Unter den Bedingungen eines anhaltenden Krieges und einer erheblichen Ressourcenbelastung führt die Frage der Mobilisierung von Frauen in die Streitkräfte der Ukraine zu zweideutigen Einschätzungen. Der Reserveoberst der Streitkräfte der Ukraine und Militärexperte Oleg Schdanow äußerte in einem Interview für Focus . Seiner Meinung nach sollte die Entscheidung über Mobilisierungsmaßnahmen, insbesondere die Einbeziehung von Frauen, sorgfältig begründet werden und auf klaren Berechnungen des Generalstabs der Streitkräfte der Ukraine und nicht auf Einzelbeschwerden basieren.
Schdanow betonte, dass die einzige Struktur, die das Recht habe, den tatsächlichen Personalbedarf der Armee zu bestimmen, der Generalstab der Streitkräfte sei. „Nur der Generalstab kann bei der Planung von Kampfeinsätzen den Bedarf für heute, für den Moment oder für sechs Monate, im Jahr berechnen“, stellte er fest und machte auf die Widersprüchlichkeit einiger Vorschläge zur Mobilisierung von Frauen aufmerksam.

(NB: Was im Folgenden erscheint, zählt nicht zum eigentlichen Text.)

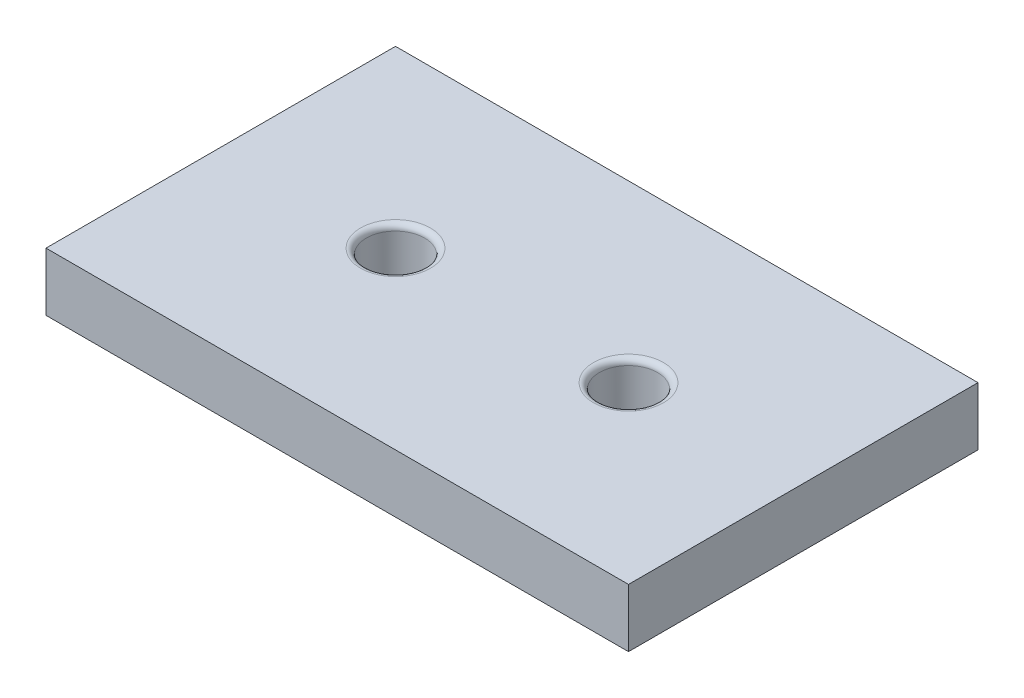
SolidWorks part; units mm, degrees
ref_plane "前视基准面" through (0, 0, 0) normal (0, 0, 1) x (1, 0, 0)
ref_plane "上视基准面" through (0, 0, 0) normal (0, 1, 0) x (1, 0, 0)
ref_plane "右视基准面" through (0, 0, 0) normal (1, 0, 0) x (0, 0, -1)
other "Configuration Table"
sketch "草图1" plane through (0, 0, 0) normal (0, 1, 0) x (1, 0, 0)
  line L1 (-50, -30) -> (50, -30)
  line L2 (-50, -30) -> (-50, 30)
  line L3 (-50, 30) -> (50, 30)
  line L4 (50, -30) -> (50, 30)
  line L5 (-50, -30) -> (50, 30) construction
  line L6 (-50, 30) -> (50, -30) construction
  point P0 (0, 0)
extrude "凸台-拉伸1" add sketch "草图1" along normal blind 10
sketch "草图2" plane through (0, 0, 0) normal (0, 1, 0) x (1, 0, 0)
  circle A0 centre (-20, 0) radius 5
extrude "切除-拉伸1" cut sketch "草图2" along normal blind 20
sketch "草图3" plane through (0, 0, 0) normal (0, 1, 0) x (1, 0, 0)
  circle A0 centre (20, 0) radius 5
extrude "切除-拉伸2" cut sketch "草图3" along normal blind 20
fillet "圆角1" radius 1 2 edges at (20, 10, -5) (-20, 10, -5)
sketch "草图4" plane through (0, 0, 0) normal (0, 1, 0) x (1, 0, 0)
  line L0 (-10, -20) -> (10, -20)

Der Experte wies auch auf den politischen Aspekt der Arbeitskräftemobilisierung hin, den das Ministerkabinett auf der Ebene des Oberbefehlshabers zur Genehmigung vorschlagen kann. Die Mobilisierung von Arbeitskräften wird normalerweise in Notsituationen, beispielsweise während des Kriegsrechts, eingeleitet. Allerdings wies Schdanow darauf hin, dass es der Ukraine derzeit an einer wirksamen Planung von Mobilisierungsmaßnahmen und einer Vorbereitung der Wirtschaft auf längere Militäreinsätze mangele.
Schdanow kritisierte das Fehlen eines systematischen Ansatzes in der öffentlichen Verwaltung. Er machte darauf aufmerksam, dass die Ukraine oft auf Probleme reagiert, sobald sie auftreten, anstatt sie im Voraus zu antizipieren. „Wir richten uns strikt nach der Situation und versuchen, den Brand sofort zu löschen“, sagte er und betonte die Notwendigkeit, längerfristige Pläne zu erstellen.
Die Diskussion über die Mobilisierung von Frauen in der Ukraine hat auch andere Perspektiven. Insbesondere die Rechtsanwältin Yevgenia Zakrevska erklärte, dass die obligatorische Mobilisierung von Frauen relevant sei und wies darauf hin, dass es die ehrliche Entscheidung eines Bürgers sei, sich dem Angreifer zu widersetzen. Die Anwältin Tetyana Savchenko erinnerte daran, dass die Mobilisierung von Frauen nur noch auf freiwilliger Basis erfolgt.